(SCTP) Advanced Professional Certificate in Data Science and AI (Classroom, Synchronous and Asynchronous e-learning) (Part-Time)
About This Course
According to a 2024 Forbes study on AI trends, the global AI market was valued at $136.55 billion in 2022, expected to grow at a compound annual growth rate of 37.3% from 2023 to 2030, reaching $1,811.8 billion by 2030. Singapore is one of the fastest-growing markets for AI talent in Asia-Pacific, with AI talent hiring rising 14% faster than overall hiring in 2022 (EDB, 2023).
This Advanced Professional Certificate prepares learners for careers in Data Science, Data Engineering, Machine Learning, and AI. Emphasising practical applications and hands-on experience, the programme equips learners to excel as data specialists in these rapidly evolving sectors.
The hybrid learning approach combines online and in-person classes with project-based learning, providing flexibility for career switchers in today’s fast-paced digital economy. Delivered by expert instructors and NTU Faculty, the curriculum covers databases, Python programming, big data engineering, data analytics, and machine learning algorithms to meet the needs of Singapore's employers.
Graduates will gain the expertise and skills necessary for data analyst, data engineer, and data science roles. They will understand fundamental concepts in machine learning, AI, and data science, and be able to implement these principles practically. A portfolio of real-world projects will demonstrate their problem-solving abilities using advanced technologies.
Learners will engage in real-world case studies and capstone projects, addressing actual industry challenges. They will also have access to resources such as discussion groups, and mentorship from seasoned professionals.
In summary, this programme offers an exceptional learning opportunity for those seeking a career in AI and data science, equipping learners with the knowledge and skills to thrive in these dynamic industries.
What You'll Learn
● Analyze and manipulate data effectively using Python and SQL.

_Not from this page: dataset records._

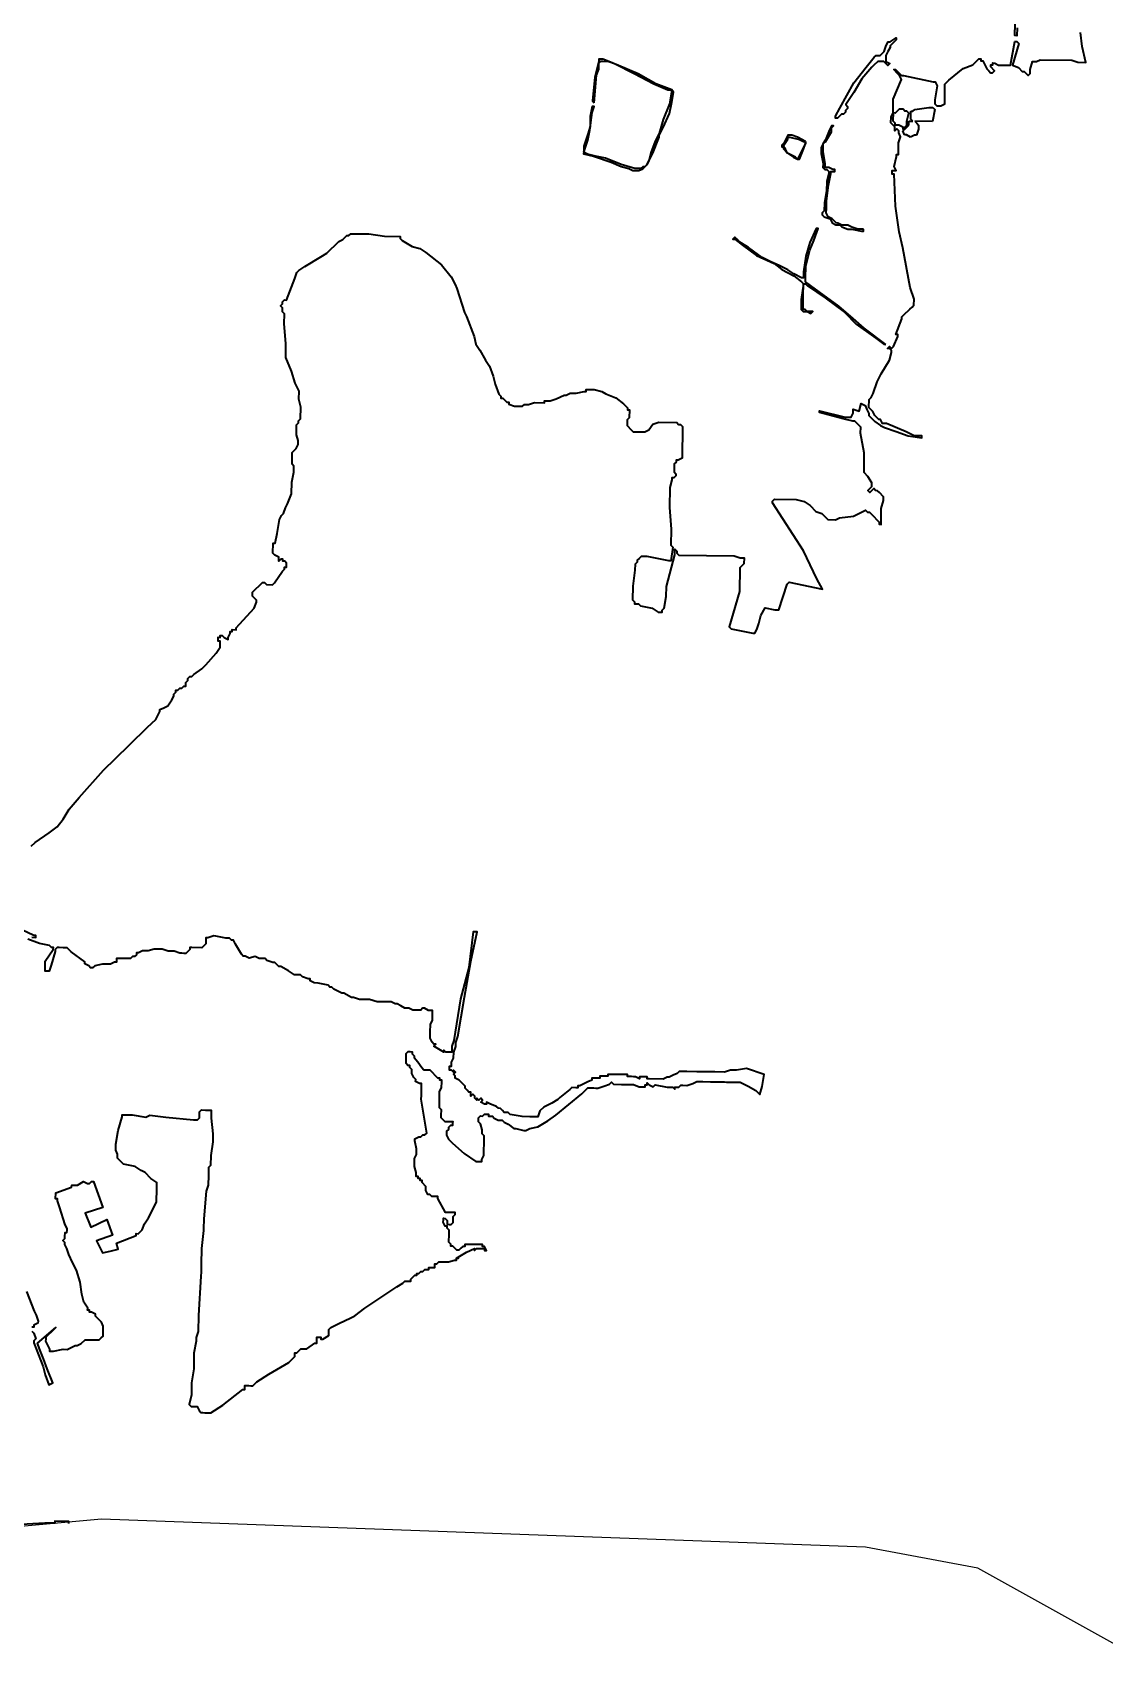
# Model space of a CAD drawing. Header units: metres. Extents: x 266208 to 280437, y 2124392 to 2131586.
# Drawn here: x 270812 to 272967, y 2125802 to 2129104 of the extents above; entities that cross this region are included whole.
import ezdxf

# ---------------------------------------------------------------- set-up
doc = ezdxf.new("R2010")
doc.units = ezdxf.units.M
doc.layers.add('HIGH TIDE LINE', color=7, linetype='Continuous', true_color=0xff00c5)
doc.layers.add('village', color=3, linetype='Continuous')

msp = doc.modelspace()

# ---------------------------------------------------------------- linework, layer by layer
at = {"layer": 'HIGH TIDE LINE', "lineweight": 35}
for p, q in [((272573.6, 2128917.9), (272573.7, 2128925.9)), ((272573.7, 2128925.9), (272581.7, 2128925.7)), ((272577.7, 2128929.8), (272578, 2128945.7)), ((272581.7, 2128925.7), (272577.7, 2128929.8)), ((272578, 2128945.7), (272582, 2128945.7)), ((272582, 2128945.7), (272586, 2128949.6)), ((272621.5, 2128925.2), (272585.6, 2128925.7)), ((272585.6, 2128925.7), (272589.6, 2128921.6)), ((272586, 2128949.6), (272613.9, 2128953.1)), ((272613.9, 2128953.1), (272621.9, 2128953)), ((272625.8, 2128949), (272621.5, 2128925.2)), ((272621.9, 2128953), (272625.8, 2128949)), ((272330.3, 2128889.6), (272330.3, 2128893.6)), ((272330.3, 2128893.6), (272334.3, 2128893.5)), ((272334.3, 2128893.5), (272354.2, 2128889.2)), ((272561.5, 2128906.1), (272565.5, 2128910)), ((272565.3, 2128898.1), (272561.5, 2128906.1)), ((272569.3, 2128898), (272565.3, 2128898.1)), ((272565.5, 2128910), (272573.6, 2128917.9)), ((272577.2, 2128893.9), (272569.3, 2128898)), ((272585.2, 2128897.8), (272577.2, 2128893.9)), ((272589.2, 2128897.8), (272585.2, 2128897.8)), ((272593.4, 2128909.6), (272589.2, 2128897.8)), ((272589.6, 2128921.6), (272593.5, 2128917.6)), ((272593.5, 2128917.6), (272593.4, 2128909.6)), ((272322.1, 2128877.8), (272330.3, 2128889.6)), ((272322.1, 2128873.8), (272322.1, 2128877.8)), ((272326, 2128869.7), (272322.1, 2128873.8)), ((272329.9, 2128861.7), (272326, 2128869.7)), ((272345.7, 2128853.5), (272329.9, 2128861.7)), ((272366, 2128881.1), (272353.7, 2128857.4)), ((272354.2, 2128889.2), (272362.1, 2128885.1)), ((272362.1, 2128885.1), (272366, 2128885.1)), ((272366, 2128885.1), (272366, 2128881.1)), ((272349.6, 2128849.5), (272345.7, 2128853.5)), ((272353.7, 2128857.4), (272349.6, 2128849.5))]:
    msp.add_line(p, q, dxfattribs=at)
for points in [[(270808.3, 2127466.2), (270816.3, 2127474), (270844.5, 2127493.5), (270860.6, 2127505.2), (270872.8, 2127521), (270885, 2127540.7), (270905.3, 2127564.3), (270953.9, 2127619.4), (270978.1, 2127642.9), (271006.4, 2127670.4), (271042.7, 2127705.7), (271058.9, 2127721.4), (271067.1, 2127737.2), (271067.1, 2127741.2), (271075.2, 2127745), (271083.2, 2127748.9), (271091.3, 2127760.7), (271095.4, 2127768.6), (271095.5, 2127772.6), (271099.5, 2127776.5), (271099.6, 2127780.5), (271103.5, 2127780.5), (271107.6, 2127784.4), (271111.6, 2127784.3), (271115.6, 2127788.2), (271119.6, 2127788.2), (271119.7, 2127796.2), (271123.7, 2127800.1), (271123.8, 2127804.1), (271127.8, 2127808), (271131.8, 2127807.9), (271135.9, 2127811.8), (271152, 2127823.6), (271160, 2127831.4), (271180.3, 2127855), (271188.4, 2127866.8), (271188.6, 2127878.8), (271184.6, 2127878.8), (271184.7, 2127886.8), (271188.7, 2127886.7), (271188.8, 2127890.7), (271192.8, 2127890.7), (271196.7, 2127886.6), (271204.6, 2127882.5), (271204.6, 2127886.5), (271208.7, 2127894.4), (271208.8, 2127898.4), (271212.8, 2127898.3), (271212.8, 2127902.3), (271220.8, 2127902.2), (271220.9, 2127906.2), (271257.3, 2127945.5), (271261.4, 2127957.4), (271261.5, 2127961.3), (271257.6, 2127965.4), (271253.6, 2127969.4), (271253.8, 2127977.4), (271274, 2127997), (271277.9, 2127996.9), (271281.9, 2127992.9), (271293.8, 2127992.7), (271297.8, 2127996.7), (271314.1, 2128020.3), (271318.2, 2128024.2), (271318.2, 2128028.2), (271322.2, 2128028.2), (271322.3, 2128036.1), (271318.4, 2128040.2), (271314.4, 2128040.2), (271314.5, 2128044.2), (271310.5, 2128044.3), (271306.4, 2128040.3), (271306.6, 2128048.3), (271298.7, 2128052.4), (271294.7, 2128056.4), (271295, 2128076.4), (271299, 2128076.3), (271303.3, 2128096.1), (271307.7, 2128124), (271311.8, 2128131.9), (271315.8, 2128135.8), (271320, 2128147.7), (271324.1, 2128155.6), (271332.3, 2128175.4), (271332.7, 2128199.3), (271336.9, 2128219.1), (271337.1, 2128231.1), (271333.2, 2128235.1), (271333.5, 2128259), (271337.6, 2128262.9), (271341.6, 2128266.8), (271345.7, 2128274.7), (271345.8, 2128282.7), (271342, 2128294.7), (271342.3, 2128314.6), (271346.3, 2128318.5), (271346.4, 2128322.5), (271350.4, 2128326.4), (271350.8, 2128350.3), (271347, 2128366.3), (271347.3, 2128382.2), (271339.5, 2128398.3), (271331.9, 2128422.3), (271320.4, 2128450.3), (271320.8, 2128478.2), (271317.4, 2128518.1), (271317.7, 2128538), (271313.8, 2128542), (271313.9, 2128550), (271310, 2128554), (271314, 2128558), (271314.1, 2128561.9), (271318.1, 2128565.9), (271322.1, 2128565.8), (271338.7, 2128609.4), (271342.8, 2128621.3), (271346.8, 2128625.2), (271358.9, 2128633), (271391, 2128652.4), (271403.1, 2128660.2), (271427.3, 2128683.8), (271435.4, 2128687.6), (271439.4, 2128691.5), (271443.4, 2128695.5), (271447.4, 2128695.4), (271451.5, 2128699.3), (271487.3, 2128698.8), (271519.1, 2128694.4), (271550.9, 2128693.9), (271550.9, 2128689.9), (271554.8, 2128685.9), (271574.5, 2128673.6), (271590.4, 2128669.4), (271602.2, 2128661.3), (271633.7, 2128636.9), (271653.3, 2128612.7), (271661, 2128596.7), (271664.9, 2128588.7), (271680.1, 2128540.7), (271684, 2128532.6), (271699.3, 2128492.6), (271703.1, 2128476.6), (271710.8, 2128464.5), (271722.5, 2128444.5), (271730.3, 2128432.4), (271737.9, 2128412.4), (271741.7, 2128396.4), (271749.4, 2128376.4), (271753.3, 2128372.3), (271753.2, 2128368.3), (271757.2, 2128368.3), (271765.1, 2128360.2), (271769, 2128360.1), (271769, 2128356.2), (271780.9, 2128352), (271796.8, 2128351.8), (271800.8, 2128355.7), (271808.8, 2128355.6), (271820.8, 2128359.4), (271840.7, 2128359.1), (271840.8, 2128363.1), (271852.7, 2128362.9), (271864.7, 2128366.7), (271880.7, 2128374.4), (271884.7, 2128374.4), (271892.7, 2128378.3), (271904.7, 2128378.1), (271920.7, 2128381.8), (271924.7, 2128381.8), (271924.7, 2128385.8), (271940.6, 2128385.5), (271956.5, 2128381.3), (271964.4, 2128377.2), (271984.2, 2128369), (271999.9, 2128356.8), (272003.9, 2128352.7), (272007.8, 2128348.7), (272007.7, 2128344.7), (272011.7, 2128344.7), (272011.5, 2128328.7), (272007.4, 2128324.8), (272007.3, 2128312.9), (272015.1, 2128304.8), (272019, 2128300.7), (272042.9, 2128300.4), (272050.9, 2128304.3), (272059.1, 2128316.1), (272071.1, 2128319.9), (272106.9, 2128319.4), (272110.8, 2128315.3), (272114.8, 2128315.3), (272118.7, 2128311.2), (272117.8, 2128247.5), (272109.8, 2128243.7), (272105.8, 2128243.7), (272105.7, 2128239.7), (272101.7, 2128235.8), (272101.5, 2128219.9), (272105.4, 2128215.8), (272105.3, 2128211.9), (272101.3, 2128207.9), (272097.3, 2128208), (272097.3, 2128204), (272093, 2128188.1), (272092.5, 2128148.3), (272095.8, 2128104.5), (272095.3, 2128072.6), (272099.3, 2128068.6), (272094.9, 2128040.8), (272090.9, 2128040.8), (272071, 2128045.1), (272047.2, 2128049.4), (272035.3, 2128049.6), (272031.2, 2128045.7), (272027.2, 2128041.8), (272027.1, 2128037.8), (272023.1, 2128033.8), (272022.9, 2128021.9), (272018.5, 2127990.1), (272018.1, 2127962.2), (272022, 2127958.2), (272021.9, 2127954.2), (272029.9, 2127954.1), (272033.8, 2127950.1), (272057.6, 2127945.7), (272069.5, 2127937.6), (272077.4, 2127937.5), (272077.5, 2127941.5), (272081.5, 2127945.4), (272085.9, 2127969.2), (272086.2, 2127989.1), (272103, 2128052.6), (272103.2, 2128064.5), (272107.1, 2128060.5), (272107, 2128056.5), (272111, 2128052.5), (272222.4, 2128050.8), (272234.3, 2128046.7), (272242.3, 2128046.6), (272242.1, 2128034.6), (272234, 2128026.8), (272233.3, 2127979), (272220.8, 2127935.4), (272212.4, 2127907.6), (272216.3, 2127903.6), (272260, 2127895), (272264, 2127894.9), (272268.1, 2127902.8), (272272.2, 2127914.7), (272276.4, 2127930.6), (272284.6, 2127946.4), (272304.5, 2127942.1), (272312.4, 2127942), (272329.1, 2127993.5), (272333.2, 2127997.5), (272400.2, 2127983.8), (272389, 2128004.6), (272362, 2128060.8), (272299.7, 2128157.2), (272299.7, 2128161.2), (272303.8, 2128165.2), (272347.5, 2128164.5), (272363.4, 2128160.3), (272375.2, 2128152.2), (272387, 2128140), (272398.9, 2128135.9), (272410.7, 2128123.8), (272426.6, 2128123.5), (272434.6, 2128127.4), (272462.5, 2128131), (272486.6, 2128142.6), (272490.5, 2128138.5), (272494.5, 2128138.5), (272498.4, 2128134.4), (272514.1, 2128118.3), (272514.1, 2128114.3), (272518, 2128114.2), (272518.5, 2128146.1), (272522.7, 2128161.9), (272522.8, 2128169.9), (272515, 2128178), (272511.1, 2128182), (272507.1, 2128182.1), (272503.2, 2128186.1), (272495.1, 2128178.3), (272491.2, 2128182.3), (272499.2, 2128190.2), (272499.4, 2128198.1), (272491.6, 2128210.2), (272483.7, 2128218.3), (272484.3, 2128258.1), (272476.9, 2128298), (272477.1, 2128310), (272469.2, 2128318.1), (272465.3, 2128322.1), (272461.3, 2128322.1), (272441.5, 2128326.4), (272393.9, 2128339.1), (272394, 2128343), (272445.5, 2128330.3), (272457.5, 2128330.2), (272461.6, 2128338.1), (272461.7, 2128346), (272473.6, 2128341.9), (272477.8, 2128357.8), (272485.7, 2128353.7), (272489.6, 2128345.6), (272493.4, 2128337.6), (272493.4, 2128333.6), (272501.2, 2128325.5), (272505.1, 2128321.5), (272517, 2128313.4), (272524.9, 2128309.3), (272548.6, 2128301), (272572.4, 2128292.6), (272600.2, 2128288.3), (272600.3, 2128292.2), (272584.4, 2128292.5), (272568.5, 2128300.7), (272529, 2128317.2), (272521, 2128317.3), (272517.1, 2128325.3), (272513.2, 2128325.4), (272505.3, 2128333.5), (272501.4, 2128341.5), (272497.5, 2128345.5), (272493.6, 2128349.6), (272493.8, 2128365.5), (272497.9, 2128369.4), (272502, 2128377.3), (272510.3, 2128401.1), (272518.5, 2128416.9), (272534.8, 2128444.5), (272539, 2128460.4), (272539.1, 2128464.4), (272535.2, 2128468.4), (272531.2, 2128468.5), (272535.2, 2128472.4), (272539.1, 2128468.4), (272543.2, 2128472.3), (272551.4, 2128492.1), (272551.5, 2128496.1), (272547.5, 2128496.1), (272559.9, 2128527.8), (272560, 2128531.8), (272564, 2128535.7), (272576.1, 2128547.5), (272580.2, 2128551.4), (272584.2, 2128555.3), (272584.4, 2128567.3), (272576.8, 2128591.3), (272562, 2128671.1), (272554.5, 2128703.1), (272547.3, 2128755), (272544.3, 2128818.8), (272540.3, 2128818.8), (272540.4, 2128826.8), (272548.4, 2128826.7), (272544.5, 2128834.7), (272548.8, 2128854.5), (272548.8, 2128858.5), (272552.8, 2128858.5), (272553.2, 2128882.4), (272557.3, 2128894.2), (272553.4, 2128902.3), (272553.5, 2128906.2), (272549.6, 2128910.3), (272545.5, 2128906.4), (272545.7, 2128914.3), (272537.8, 2128922.4), (272538, 2128934.3), (272542.1, 2128942.3), (272541.9, 2128926.3), (272545.8, 2128922.3), (272545.7, 2128918.3), (272553.7, 2128918.2), (272561.6, 2128914.1), (272561.5, 2128910.1), (272565.5, 2128910), (272565.6, 2128914), (272569.6, 2128918), (272569.7, 2128925.9), (272573.9, 2128941.8), (272570, 2128945.8), (272566, 2128945.9), (272562.1, 2128949.9), (272554.1, 2128950), (272550.1, 2128946.1), (272546.1, 2128942.2), (272542.1, 2128942.3), (272542.5, 2128970.1), (272559, 2129009.7), (272555.1, 2129017.7), (272551.2, 2129021.8), (272543.4, 2129029.8), (272547.3, 2129029.8), (272559.1, 2129017.7), (272563.1, 2129017.6), (272622.6, 2129004.8), (272626.6, 2129004.7), (272630.5, 2128996.7), (272626.1, 2128968.9), (272626, 2128960.9), (272629.9, 2128956.9), (272637.9, 2128956.8), (272645.9, 2128960.6), (272646.5, 2129000.5), (272650.5, 2129004.4), (272654.5, 2129008.3), (272682.8, 2129031.8), (272702.8, 2129039.5), (272710.9, 2129047.3), (272714.9, 2129051.2), (272718.9, 2129051.2), (272718.8, 2129047.2), (272722.8, 2129047.1), (272726.7, 2129039.1), (272730.5, 2129031.1), (272734.5, 2129027.1), (272738.4, 2129023), (272742.4, 2129023), (272746.4, 2129026.9), (272738.6, 2129035), (272738.6, 2129038.9), (272742.6, 2129038.9), (272742.7, 2129042.9), (272746.6, 2129042.8), (272754.5, 2129038.7), (272778.4, 2129038.4), (272787.1, 2129086), (272791.1, 2129086), (272795, 2129081.9), (272782.4, 2129038.3), (272794.3, 2129034.1), (272802.1, 2129026.1), (272806.1, 2129026), (272810, 2129022), (272814, 2129017.9), (272818, 2129021.9), (272818.1, 2129029.8), (272822.3, 2129045.7), (272830.3, 2129045.6), (272838.3, 2129049.4), (272902, 2129048.5), (272913.9, 2129044.3), (272929.8, 2129044.1), (272922.3, 2129076.1), (272918.8, 2129104)], [(272791.5, 2129113.8), (272791.2, 2129097.9), (272787.3, 2129098), (272787.6, 2129121.9)], [(270809.6, 2127283), (270817.5, 2127282.8), (270817.6, 2127286.8), (270813.6, 2127286.9), (270778, 2127303.3)], [(270809.9, 2126490.4), (270813.9, 2126486.4), (270817.7, 2126474.4), (270813.6, 2126470.4), (270813.6, 2126466.5), (270832.8, 2126418.4), (270836.5, 2126402.4), (270844.2, 2126382.4), (270852.2, 2126386.2), (270840.7, 2126414.3), (270833, 2126434.3), (270825.3, 2126454.3), (270821.5, 2126466.3), (270857.8, 2126497.7), (270849.7, 2126489.8), (270841.7, 2126482), (270837.6, 2126478.1), (270837.6, 2126474.1), (270837.5, 2126470.1), (270841.4, 2126462.1), (270845.2, 2126454.1), (270845.2, 2126450.1), (270849.2, 2126450), (270853.1, 2126450), (270873.1, 2126453.6), (270881.1, 2126453.5), (270897.1, 2126461.3), (270901.1, 2126461.2), (270909.1, 2126465.1), (270917.2, 2126472.9), (270921.2, 2126472.9), (270929.1, 2126472.7), (270941.1, 2126472.6), (270945.1, 2126472.5), (270949.1, 2126476.4), (270953.1, 2126480.4), (270953.2, 2126484.3), (270953.3, 2126488.3), (270953.3, 2126492.3), (270953.4, 2126496.3), (270953.4, 2126500.3), (270949.6, 2126508.3), (270945.6, 2126512.3), (270937.8, 2126520.4), (270937.9, 2126524.4), (270929.9, 2126528.5), (270926, 2126528.5), (270926, 2126532.5), (270922, 2126532.6), (270922.1, 2126536.6), (270914.3, 2126548.6), (270910.6, 2126564.6), (270906.9, 2126588.6), (270899.3, 2126612.6), (270891.6, 2126628.6), (270883.9, 2126644.7), (270880.1, 2126656.7), (270876.2, 2126664.7), (270876.2, 2126668.7), (270872.3, 2126672.7), (270876.4, 2126676.6), (270876.4, 2126680.6), (270876.5, 2126688.6), (270880.5, 2126688.5), (270880.6, 2126692.5), (270880.6, 2126696.5), (270876.8, 2126704.5), (270865.4, 2126740.5), (270861.5, 2126752.5), (270861.6, 2126756.5), (270857.6, 2126756.5), (270857.8, 2126768.5), (270889.8, 2126780), (270889.9, 2126784), (270893.9, 2126783.9), (270901.8, 2126783.8), (270913.9, 2126791.6), (270921.8, 2126787.5), (270925.8, 2126787.4), (270929.8, 2126791.3), (270933.8, 2126791.3), (270952.9, 2126739.2), (270916.9, 2126727.8), (270928.5, 2126699.8), (270960.6, 2126715.2), (270972, 2126683.2), (270940, 2126671.7), (270951.6, 2126647.6), (270967.6, 2126651.4), (270983.6, 2126655.1), (270979.8, 2126667.1), (271019.8, 2126682.5), (271019.9, 2126686.5), (271023.8, 2126686.4), (271031.9, 2126694.3), (271036.1, 2126706.1), (271044.2, 2126718), (271060.6, 2126749.6), (271060.7, 2126757.6), (271060.9, 2126769.5), (271061.1, 2126781.5), (271061.1, 2126785.4), (271061.2, 2126789.4), (271049.4, 2126797.6), (271037.6, 2126809.7), (271029.7, 2126813.8), (271017.9, 2126821.9), (270994, 2126826.2), (270990.1, 2126830.3), (270986.2, 2126834.3), (270982.3, 2126838.4), (270982.4, 2126846.3), (270978.5, 2126854.3), (270978.6, 2126858.3), (270978.7, 2126866.3), (270983.1, 2126894.1), (270991.4, 2126921.9), (270991.5, 2126925.8), (270995.5, 2126925.8), (271011.4, 2126925.6), (271039.2, 2126921.2), (271047.2, 2126925), (271079, 2126920.6), (271134.7, 2126915.8), (271142.7, 2126915.7), (271146.7, 2126919.6), (271146.9, 2126931.5), (271150.9, 2126935.5), (271158.9, 2126935.3), (271162.9, 2126935.3), (271166.8, 2126935.2), (271170.8, 2126935.2), (271170.8, 2126931.2), (271170.6, 2126919.2), (271174.1, 2126887.3), (271173.9, 2126871.4), (271169.5, 2126843.6), (271169.2, 2126823.7), (271165.2, 2126819.8), (271165, 2126811.8), (271164.9, 2126799.8), (271164.7, 2126787.9), (271164.6, 2126783.9), (271160.5, 2126772), (271155.7, 2126716.3), (271155.4, 2126696.4), (271155.3, 2126692.5), (271150.8, 2126656.7), (271150.4, 2126624.8), (271150.1, 2126608.9), (271150, 2126600.9), (271144.9, 2126521.4), (271144.4, 2126489.5), (271140.2, 2126477.6), (271140.1, 2126469.7), (271135.8, 2126445.8), (271135.3, 2126414), (271130.9, 2126386.2), (271130.7, 2126366.2), (271130.6, 2126362.3), (271126.3, 2126342.4), (271130.2, 2126338.4), (271134.2, 2126338.3), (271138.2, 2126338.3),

● Create and manage databases for data storage and retrieval.
● Conduct exploratory data analysis to extract meaningful insights.
● Visualize data to communicate findings and trends.
● Apply data science techniques to solve practical problems.
● Deploy an ML model version via API or web app for inference or serving.
Entry Requirements
Familiarity with Python programming language, at a basic to intermediate level. At least an understanding of and ability to code the following concepts: variables, data types, operators, control structures, loops, built-in methods and functions, classes, and objects.